Собрали 570 тонн — сдали 593 тонны
11 января 1933 года Сталин выступал на пленуме ЦК и ЦКК ВКП(б): «Урожай у нас был в этом году не хуже, а лучше, чем в предыдущем году». Действительно, валовый сбор зерновых 1932 года (69,87 млн тонн) превысил сбор 1931 года (69,48 млн тонн); при пересчете на душу населения ситуация выглядела почти одинаковой (округленно 430 кг против 429 кг).
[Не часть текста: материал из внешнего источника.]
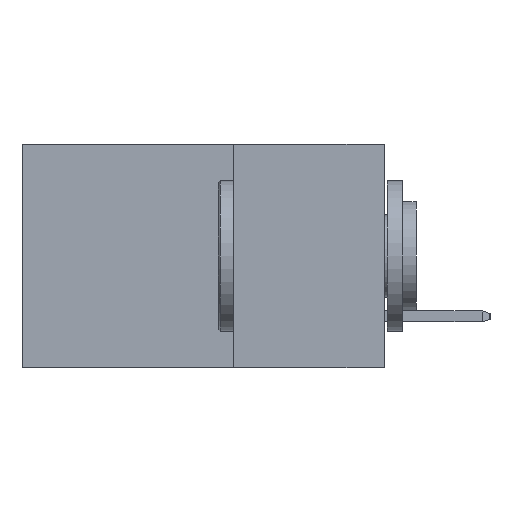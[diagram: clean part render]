
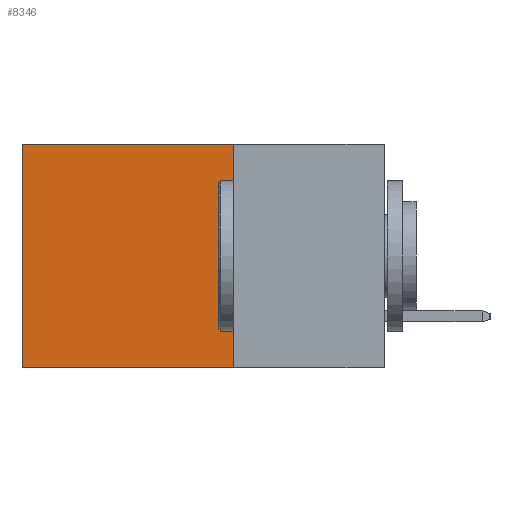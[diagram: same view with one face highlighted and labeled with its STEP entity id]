
A CAD part, left-side view. The second image highlights one B-rep face of the part: STEP entity #8346.
In plain terms, the highlighted planar face has unit normal (-1, 0, 0).
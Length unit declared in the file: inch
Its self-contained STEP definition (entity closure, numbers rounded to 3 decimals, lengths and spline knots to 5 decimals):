
#46 = VECTOR ( 'NONE', #22408, 39.37008 ) ;
#125 = VERTEX_POINT ( 'NONE', #4266 ) ;
#492 = ORIENTED_EDGE ( 'NONE', *, *, #594, .F. ) ;
#594 = EDGE_CURVE ( 'NONE', #125, #5041, #14484, .T. ) ;
#720 = ORIENTED_EDGE ( 'NONE', *, *, #18568, .T. ) ;
#2075 = DIRECTION ( 'NONE',  ( 0., 0., -1. ) ) ;
#2103 = CARTESIAN_POINT ( 'NONE',  ( 0.298, 0.6, 0. ) ) ;
#2693 = CARTESIAN_POINT ( 'NONE',  ( 0.298, 0.25, 0. ) ) ;
#3141 = VECTOR ( 'NONE', #12695, 39.37008 ) ;
#4266 = CARTESIAN_POINT ( 'NONE',  ( 0.298, 0.25, 0. ) ) ;
#5041 = VERTEX_POINT ( 'NONE', #18837 ) ;
#6095 = FACE_OUTER_BOUND ( 'NONE', #8487, .T. ) ;
#7184 = DIRECTION ( 'NONE',  ( 0., 0., -1. ) ) ;
#7981 = VERTEX_POINT ( 'NONE', #13203 ) ;
#8346 = ADVANCED_FACE ( 'NONE', ( #6095 ), #12459, .F. ) ;
#8475 = ORIENTED_EDGE ( 'NONE', *, *, #14497, .T. ) ;
#8487 = EDGE_LOOP ( 'NONE', ( #8475, #10050, #492, #720 ) ) ;
#10050 = ORIENTED_EDGE ( 'NONE', *, *, #10999, .F. ) ;
#10129 = LINE ( 'NONE', #20709, #46 ) ;
#10694 = CARTESIAN_POINT ( 'NONE',  ( 0.298, 0.25, 0. ) ) ;
#10999 = EDGE_CURVE ( 'NONE', #5041, #15322, #10129, .T. ) ;
#11743 = CARTESIAN_POINT ( 'NONE',  ( 0.298, 0.25, 0. ) ) ;
#12459 = PLANE ( 'NONE',  #14366 ) ;
#12585 = LINE ( 'NONE', #2103, #3141 ) ;
#12695 = DIRECTION ( 'NONE',  ( 0., 0., -1. ) ) ;
#13203 = CARTESIAN_POINT ( 'NONE',  ( 0.298, 0.6, 0. ) ) ;
#13486 = DIRECTION ( 'NONE',  ( 0., 1., 0. ) ) ;
#14366 = AXIS2_PLACEMENT_3D ( 'NONE', #10694, #17709, #7184 ) ;
#14383 = VECTOR ( 'NONE', #13486, 39.37008 ) ;
#14484 = LINE ( 'NONE', #2693, #22557 ) ;
#14497 = EDGE_CURVE ( 'NONE', #7981, #15322, #12585, .T. ) ;
#15322 = VERTEX_POINT ( 'NONE', #21923 ) ;
#17709 = DIRECTION ( 'NONE',  ( 1., 0., 0. ) ) ;
#18568 = EDGE_CURVE ( 'NONE', #125, #7981, #20071, .T. ) ;
#18837 = CARTESIAN_POINT ( 'NONE',  ( 0.298, 0.25, -0.37 ) ) ;
#20071 = LINE ( 'NONE', #11743, #14383 ) ;
#20709 = CARTESIAN_POINT ( 'NONE',  ( 0.298, 0.25, -0.37 ) ) ;
#21923 = CARTESIAN_POINT ( 'NONE',  ( 0.298, 0.6, -0.37 ) ) ;
#22408 = DIRECTION ( 'NONE',  ( 0., 1., 0. ) ) ;
#22557 = VECTOR ( 'NONE', #2075, 39.37008 ) ;

Однако в тот момент, когда Сталин докладывал о партийной работе в советской деревне, в украинских селах и кубанских станицах люди уже начинали есть друг друга.
Главная причина крестьянской катастрофы 1933 года не связана с засухой или другими погодно-климатическими катаклизмами. Если голодная смертность на селе в 1932 году объясняется нерентабельностью колхозов, находившихся в начальной стадии организации, разрушением большевиками частных хозяйств, свободного рынка и торговли, практиками террора и репрессий в деревне, то чудовищный мор 1933 года кроме вышеперечисленных причин стал прямым следствием тотальных хлебозаготовок, санкционированных членами Политбюро. По предложению наркома снабжения СССР Анастаса Микояна они собирались изъять в государственный фонд до 40% зерновых, а в отдельных колхозах и более того. Но непомерные требования выполнялись с трудом.
Например, в Северо-Кавказском крае (СКК) августовский план по хлебозаготовкам удалось выполнить лишь на 32%, сентябрьский — на 65%, а октябрьский провалился. Схожим образом выглядела ситуация на Украине и в Поволжье.
22 октября Политбюро решило направить чрезвычайные комиссии по хлебозаготовкам. В ноябре комиссия во главе с Молотовым прибыла на Украину, а на Северный Кавказ — во главе с Кагановичем. В декабре приступила к работе Поволжская комиссия во главе с секретарем ЦК Павлом Постышевым. В Казакской АССР, входившей в состав РСФСР, их функции выполнял местный крайком ВКП(б) во главе с Филиппом Голощекиным — одним из организаторов убийства царской семьи.
Члены комиссий и представители местного актива руководствовались единственной целью: любой ценой сломить «саботаж» и выполнить план по хлебосдаче, не останавливаясь перед чистками и террором. К 19 декабря из 13 районов Кубани Каганович отправил в Северный Казахстан 1992 семьи (9442 человека). По его инициативе подверглось поголовному выселению на Урал и в северные районы СССР население казачьих станиц Полтавской, Медведовской и Урупской. До депортации в станицах проживали 47,5 тыс. человек, выслали 45,6 тыс. В Вешенском районе СКК уполномоченные крайкома и райкома партии Овчинников, Шарапов, Белов, Плоткин и др., добиваясь хлебосдачи, практиковали истязания хлеборобов, включая пытки раскаленным железом. По свидетельству Михаила Шолохова, 593 тонны хлеба Вешенский район сдал, хотя весь урожай составил около 570 тонн.